From the line with "Circle(SKETCH11_R)" down to the final line of the records below, retype everything exactly and leave out the rest.

*** DATA SHOWN

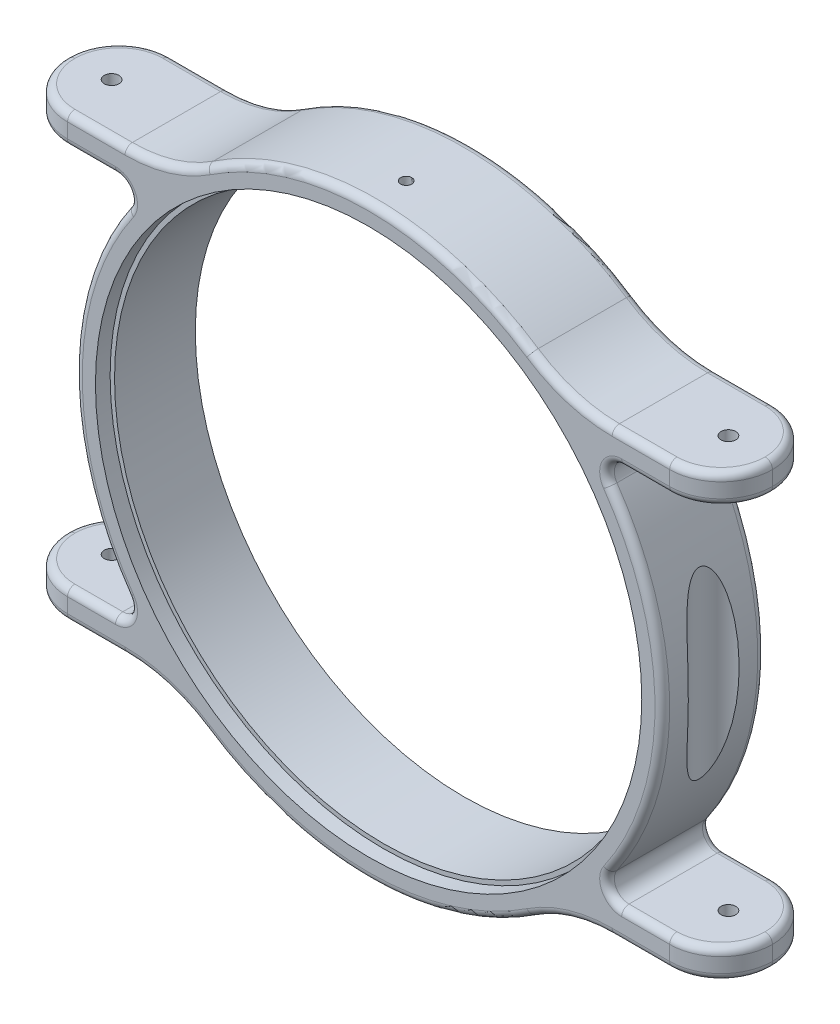
from build123d import *

# Parameters (mm, degrees)
BOSS_EXTRUDE1_DEPTH             = 2
BOSS_EXTRUDE1_DEPTH_BACK        = 5
SKETCH1_R                       = 20
SKETCH1_R_2                     = 18.3
SKETCH2_R                       = 19.3
CUT_EXTRUDE1_DEPTH              = 0.5
CUT_EXTRUDE9_DEPTH              = 34.077823777
BOSS_EXTRUDE2_REACH             = 30.723
BOSS_EXTRUDE2_DIRECTION_2_REACH = 30.723
FILLET4_R                       = 10
CUT_EXTRUDE12_DEPTH             = 32.638584118
CUT_EXTRUDE12_DEPTH_BACK        = 32.638584118
FILLET5_R                       = 1
FILLET6_R                       = 3.5
FILLET7_R                       = 0.5
CUT_EXTRUDE13_DEPTH             = 32.638584194
CUT_EXTRUDE13_DEPTH_BACK        = 32.638584194
SKETCH10_R                      = 0.5
SKETCH11_R                      = 18.6
CUT_EXTRUDE14_DEPTH             = 1
CUT_EXTRUDE16_REACH             = 43.11
SKETCH13_R                      = 2


with BuildPart() as part:
    # Sketch1 → Boss-Extrude1 (new, two sides: drawn at the far end of the back side and taken through both)
    with BuildSketch(Plane(origin=(0, 0, 0), x_dir=(-1, 0, 0), z_dir=(0, 0, -1)).offset(-BOSS_EXTRUDE1_DEPTH_BACK)):
        Circle(SKETCH1_R)
        Circle(SKETCH1_R_2, mode=Mode.SUBTRACT)
    extrude(amount=BOSS_EXTRUDE1_DEPTH + BOSS_EXTRUDE1_DEPTH_BACK)

    # Sketch2 → Cut-Extrude1 (cut)
    with BuildSketch(Plane(origin=(0, 0, -2), x_dir=(-1, 0, 0), z_dir=(0, 0, -1))):
        Circle(SKETCH2_R)
    extrude(amount=-CUT_EXTRUDE1_DEPTH, mode=Mode.SUBTRACT)

    # Sketch5 → Cut-Extrude9 (cut, through all)
    with BuildSketch(Plane(origin=(-1.350190497, 4.228871819, -2.160555979), x_dir=(1, 0, 0), z_dir=(0, 1, 0))):
        with BuildLine():
            add(Edge.make_bspline(
                [(1.350190497, -4.982788569), (1.470272407, -4.982788569), (1.590466354, -4.935768225), (1.685402744, -4.840719798), (1.779443431, -4.600555979), (1.685402744, -4.360392159), (1.590466354, -4.265343732), (1.470272407, -4.218323388), (1.350190497, -4.218323388)],
                knots=[4.921389743, 4.921389743, 4.921389743, 4.921389743, 4.921389743, 4.921389743, 7.382084615, 7.382084615, 7.382084615, 9.842779486, 9.842779486, 9.842779486, 9.842779486, 9.842779486, 9.842779486], degree=5))
            add(Edge.make_bspline(
                [(1.350190497, -4.218323388), (1.230108588, -4.218323388), (1.109914641, -4.265343732), (1.014978251, -4.360392159), (0.920937563, -4.600555979), (1.014978251, -4.840719798), (1.109914641, -4.935768225), (1.230108588, -4.982788569), (1.350190497, -4.982788569)],
                knots=[0, 0, 0, 0, 0, 0, 2.460694872, 2.460694872, 2.460694872, 4.921389743, 4.921389743, 4.921389743, 4.921389743, 4.921389743, 4.921389743], degree=5))
        make_face()
    extrude(amount=CUT_EXTRUDE9_DEPTH, mode=Mode.SUBTRACT)

    # Boss-Extrude2: up to this face of the body (flat: up to its plane)
    boss_extrude2_end = Plane(part.part.faces().sort_by_distance((19.434314575, 0, 5))[0])
    # Sketch6 → Boss-Extrude2 (add, up to the picked face)
    with BuildSketch(Plane.XY, mode=Mode.PRIVATE) as boss_extrude2_sk1:
        with BuildLine():
            ThreePointArc((-13.228756555, -15), (-20, 0), (-13.228756555, 15))
            Line((-13.228756555, 15), (-24, 15))
            Line((-24, 15), (-24, -15))
            Line((-24, -15), (-13.228756555, -15))
        make_face()
    boss_extrude2_tool1 = split(extrude(boss_extrude2_sk1.sketch, amount=BOSS_EXTRUDE2_REACH, mode=Mode.PRIVATE), bisect_by=boss_extrude2_end, keep=Keep.BOTH, mode=Mode.PRIVATE)
    # Sketch6 → Boss-Extrude2 (add, up to the picked face)
    with BuildSketch(Plane.XY, mode=Mode.PRIVATE) as boss_extrude2_sk2:
        with BuildLine():
            Line((24, 15), (13.228756555, 15))
            ThreePointArc((13.228756555, 15), (18.228756555, 8.228756555), (20, 0))
            ThreePointArc((20, 0), (18.228756555, -8.228756555), (13.228756555, -15))
            Line((13.228756555, -15), (24, -15))
            Line((24, -15), (24, 15))
        make_face()
    boss_extrude2_tool2 = split(extrude(boss_extrude2_sk2.sketch, amount=BOSS_EXTRUDE2_REACH, mode=Mode.PRIVATE), bisect_by=boss_extrude2_end, keep=Keep.BOTH, mode=Mode.PRIVATE)
    add(boss_extrude2_tool1.solids().sort_by(Axis((-20.647807, 0, 0), (0, 0, 1)))[0])
    add(boss_extrude2_tool2.solids().sort_by(Axis((20.647807, 0, 0), (0, 0, 1)))[0])

    # Boss-Extrude2 direction 2: up to this face of the body (flat: up to its plane)
    boss_extrude2_direction_2_end = Plane(part.part.faces().sort_by_distance((19.434314575, 0, -2))[0])
    # Sketch6 → Boss-Extrude2 direction 2 (add, up to the picked face)
    with BuildSketch(Plane.XY, mode=Mode.PRIVATE) as boss_extrude2_direction_2_sk1:
        with BuildLine():
            ThreePointArc((-13.228756555, -15), (-20, 0), (-13.228756555, 15))
            Line((-13.228756555, 15), (-24, 15))
            Line((-24, 15), (-24, -15))
            Line((-24, -15), (-13.228756555, -15))
        make_face()
    boss_extrude2_direction_2_tool1 = split(extrude(boss_extrude2_direction_2_sk1.sketch, amount=-BOSS_EXTRUDE2_DIRECTION_2_REACH, mode=Mode.PRIVATE), bisect_by=boss_extrude2_direction_2_end, keep=Keep.BOTH, mode=Mode.PRIVATE)
    # Sketch6 → Boss-Extrude2 direction 2 (add, up to the picked face)
    with BuildSketch(Plane.XY, mode=Mode.PRIVATE) as boss_extrude2_direction_2_sk2:
        with BuildLine():
            Line((24, 15), (13.228756555, 15))
            ThreePointArc((13.228756555, 15), (18.228756555, 8.228756555), (20, 0))
            ThreePointArc((20, 0), (18.228756555, -8.228756555), (13.228756555, -15))
            Line((13.228756555, -15), (24, -15))
            Line((24, -15), (24, 15))
        make_face()
    boss_extrude2_direction_2_tool2 = split(extrude(boss_extrude2_direction_2_sk2.sketch, amount=-BOSS_EXTRUDE2_DIRECTION_2_REACH, mode=Mode.PRIVATE), bisect_by=boss_extrude2_direction_2_end, keep=Keep.BOTH, mode=Mode.PRIVATE)
    add(boss_extrude2_direction_2_tool1.solids().sort_by(Axis((-20.647807, 0, 0), (0, 0, -1)))[0])
    add(boss_extrude2_direction_2_tool2.solids().sort_by(Axis((20.647807, 0, 0), (0, 0, -1)))[0])

    # Fillet4
    fillet4_edges = [part.edges().sort_by_distance(p)[0] for p in [
        (-13.228756555, 15, 1.5),
        (-13.228756555, -15, 1.5),
        (13.228756555, 15, 1.5),
        (13.228756555, -15, 1.5),
    ]]
    fillet(fillet4_edges, radius=FILLET4_R)

    # Sketch9 → Cut-Extrude12 (cut, two sides: drawn at the far end of the back side and taken through both)
    with BuildSketch(Plane.XY.offset(-CUT_EXTRUDE12_DEPTH_BACK)):
        with BuildLine():
            Line((24, -13), (24, 13))
            Line((24, 13), (16.583123952, 13))
            Line((16.583123952, 13), (15.198684154, 13))
            ThreePointArc((15.198684154, 13), (20, 0), (15.198684154, -13))
            Line((15.198684154, -13), (16.583123952, -13))
            Line((16.583123952, -13), (24, -13))
        make_face()
        with BuildLine():
            Line((-15.198684154, 13), (-16.583123952, 13))
            Line((-16.583123952, 13), (-24, 13))
            Line((-24, 13), (-24, -13))
            Line((-24, -13), (-16.583123952, -13))
            Line((-16.583123952, -13), (-15.198684154, -13))
            ThreePointArc((-15.198684154, -13), (-20, 0), (-15.198684154, 13))
        make_face()
    extrude(amount=CUT_EXTRUDE12_DEPTH + CUT_EXTRUDE12_DEPTH_BACK, mode=Mode.SUBTRACT)

    # Fillet5
    fillet5_edges = [part.edges().sort_by_distance(p)[0] for p in [
        (-15.198684154, 13, 1.5),
        (-15.198684154, -13, 1.5),
        (15.198684154, -13, 1.5),
        (15.198684154, 13, 1.5),
    ]]
    fillet(fillet5_edges, radius=FILLET5_R)

    # Fillet6
    fillet6_edges = [part.edges().sort_by_distance(p)[0] for p in [
        (-24, 14, 5),
        (-24, 14, -2),
        (-24, -14, 5),
        (-24, -14, -2),
        (24, -14, 5),
        (24, -14, -2),
        (24, 14, 5),
        (24, 14, -2),
    ]]
    fillet(fillet6_edges, radius=FILLET6_R - 0.0001)  # a hair under: the kernel refuses the full size

    # Fillet7
    fillet7_edges = [part.edges().sort_by_distance(p)[0] for p in [
        (20, 0, -2),
        (20, 0, 5),
        (-20, 0, -2),
        (-20, 0, 5),
        (-18.86689397, -13, -2),
        (-18.86689397, -13, 5),
        (-18.86689397, 13, -2),
        (-18.86689397, 13, 5),
        (16.347282679, 12.46291005, 5),
        (16.347282679, 12.46291005, -2),
        (16.347282679, -12.46291005, 5),
        (16.347282679, -12.46291005, -2),
        (-16.347282679, -12.46291005, 5),
        (-16.347282679, -12.46291005, -2),
        (-16.347282679, 12.46291005, 5),
        (-16.347282679, 12.46291005, -2),
        (-18.541611976, 15, -2),
        (-22.974903023, 15, -0.974903023),
        (-22.974903023, 15, 3.974903023),
        (18.541611976, -15, 5),
        (18.86689397, -13, 5),
        (18.86689397, 13, 5),
        (18.541611976, 15, 5),
        (-22.974903023, 13, -0.974903023),
        (-22.974903023, 13, 3.974903023),
        (18.86689397, 13, -2),
        (18.86689397, -13, -2),
        (-18.541611976, -15, -2),
        (-22.974903023, -13, -0.974903023),
        (-22.974903023, -13, 3.974903023),
        (-22.974903023, -15, -0.974903023),
        (-22.974903023, -15, 3.974903023),
        (22.974903023, -13, -0.974903023),
        (22.974903023, -13, 3.974903023),
        (22.974903023, -15, -0.974903023),
        (22.974903023, -15, 3.974903023),
        (22.974903023, 15, -0.974903023),
        (22.974903023, 15, 3.974903023),
        (22.974903023, 13, -0.974903023),
        (22.974903023, 13, 3.974903023),
        (18.541611976, -15, -2),
        (0, -20, 5),
        (0, -20, -2),
        (0, 20, 5),
        (0, 20, -2),
        (18.541611976, 15, -2),
        (-18.541611976, -15, 5),
        (-18.541611976, 15, 5),
        (13.696372606, -15.425728922, -2),
        (13.696372606, -15.425728922, 5),
        (13.696372606, 15.425728922, -2),
        (13.696372606, 15.425728922, 5),
        (-13.696372606, -15.425728922, -2),
        (-13.696372606, -15.425728922, 5),
        (-13.696372606, 15.425728922, -2),
        (-13.696372606, 15.425728922, 5),
    ]]
    fillet(fillet7_edges, radius=FILLET7_R)

    # Sketch10 → Cut-Extrude13 (cut, two sides: drawn at the far end of the back side and taken through both)
    with BuildSketch(Plane(origin=(0, 0, 0), x_dir=(1, 0, 0), z_dir=(0, 1, 0)).offset(-CUT_EXTRUDE13_DEPTH_BACK)):
        with Locations(Location((-21, -1.5, 0), (0, 0, 270))):
            Circle(SKETCH10_R)
        with Locations(Location((21, -1.5, 0), (0, 0, 270))):
            Circle(SKETCH10_R)
    extrude(amount=CUT_EXTRUDE13_DEPTH + CUT_EXTRUDE13_DEPTH_BACK, mode=Mode.SUBTRACT)

    # Sketch11 → Cut-Extrude14 (cut)
    with BuildSketch(Plane.XY.offset(5)):
        Circle(SKETCH11_R)
    extrude(amount=-CUT_EXTRUDE14_DEPTH, mode=Mode.SUBTRACT)

    # Cut-Extrude16: up to this face of the body (flat: up to its plane)
    cut_extrude16_end = Plane(part.part.faces().sort_by_distance((20.063016295, -13, 1.5))[0])
    # Sketch13 → Cut-Extrude16 (cut, up to the picked face)
    with BuildSketch(Plane.XZ.offset(-13), mode=Mode.PRIVATE) as cut_extrude16_sk1:
        with Locations((21, 1.5)):
            Circle(SKETCH13_R)
    cut_extrude16_tool1 = split(extrude(cut_extrude16_sk1.sketch, amount=CUT_EXTRUDE16_REACH, mode=Mode.PRIVATE), bisect_by=cut_extrude16_end, keep=Keep.BOTH, mode=Mode.PRIVATE)
    # Sketch13 → Cut-Extrude16 (cut, up to the picked face)
    with BuildSketch(Plane.XZ.offset(-13), mode=Mode.PRIVATE) as cut_extrude16_sk2:
        with Locations((-21, 1.5)):
            Circle(SKETCH13_R)
    cut_extrude16_tool2 = split(extrude(cut_extrude16_sk2.sketch, amount=CUT_EXTRUDE16_REACH, mode=Mode.PRIVATE), bisect_by=cut_extrude16_end, keep=Keep.BOTH, mode=Mode.PRIVATE)
    add(cut_extrude16_tool1.solids().sort_by(Axis((21, 13, 1.5), (0, -1, 0)))[0], mode=Mode.SUBTRACT)
    add(cut_extrude16_tool2.solids().sort_by(Axis((-21, 13, 1.5), (0, -1, 0)))[0], mode=Mode.SUBTRACT)


solid = part.part

******

## ANSWER BOX
        Circle(SKETCH11_R)
    extrude(amount=-CUT_EXTRUDE14_DEPTH, mode=Mode.SUBTRACT)

    # Cut-Extrude16: up to this face of the body (flat: up to its plane)
    cut_extrude16_end = Plane(part.part.faces().sort_by_distance((20.063016295, -13, 1.5))[0])
    # Sketch13 → Cut-Extrude16 (cut, up to the picked face)
    with BuildSketch(Plane.XZ.offset(-13), mode=Mode.PRIVATE) as cut_extrude16_sk1:
        with Locations((21, 1.5)):
            Circle(SKETCH13_R)
    cut_extrude16_tool1 = split(extrude(cut_extrude16_sk1.sketch, amount=CUT_EXTRUDE16_REACH, mode=Mode.PRIVATE), bisect_by=cut_extrude16_end, keep=Keep.BOTH, mode=Mode.PRIVATE)
    # Sketch13 → Cut-Extrude16 (cut, up to the picked face)
    with BuildSketch(Plane.XZ.offset(-13), mode=Mode.PRIVATE) as cut_extrude16_sk2:
        with Locations((-21, 1.5)):
            Circle(SKETCH13_R)
    cut_extrude16_tool2 = split(extrude(cut_extrude16_sk2.sketch, amount=CUT_EXTRUDE16_REACH, mode=Mode.PRIVATE), bisect_by=cut_extrude16_end, keep=Keep.BOTH, mode=Mode.PRIVATE)
    add(cut_extrude16_tool1.solids().sort_by(Axis((21, 13, 1.5), (0, -1, 0)))[0], mode=Mode.SUBTRACT)
    add(cut_extrude16_tool2.solids().sort_by(Axis((-21, 13, 1.5), (0, -1, 0)))[0], mode=Mode.SUBTRACT)


solid = part.part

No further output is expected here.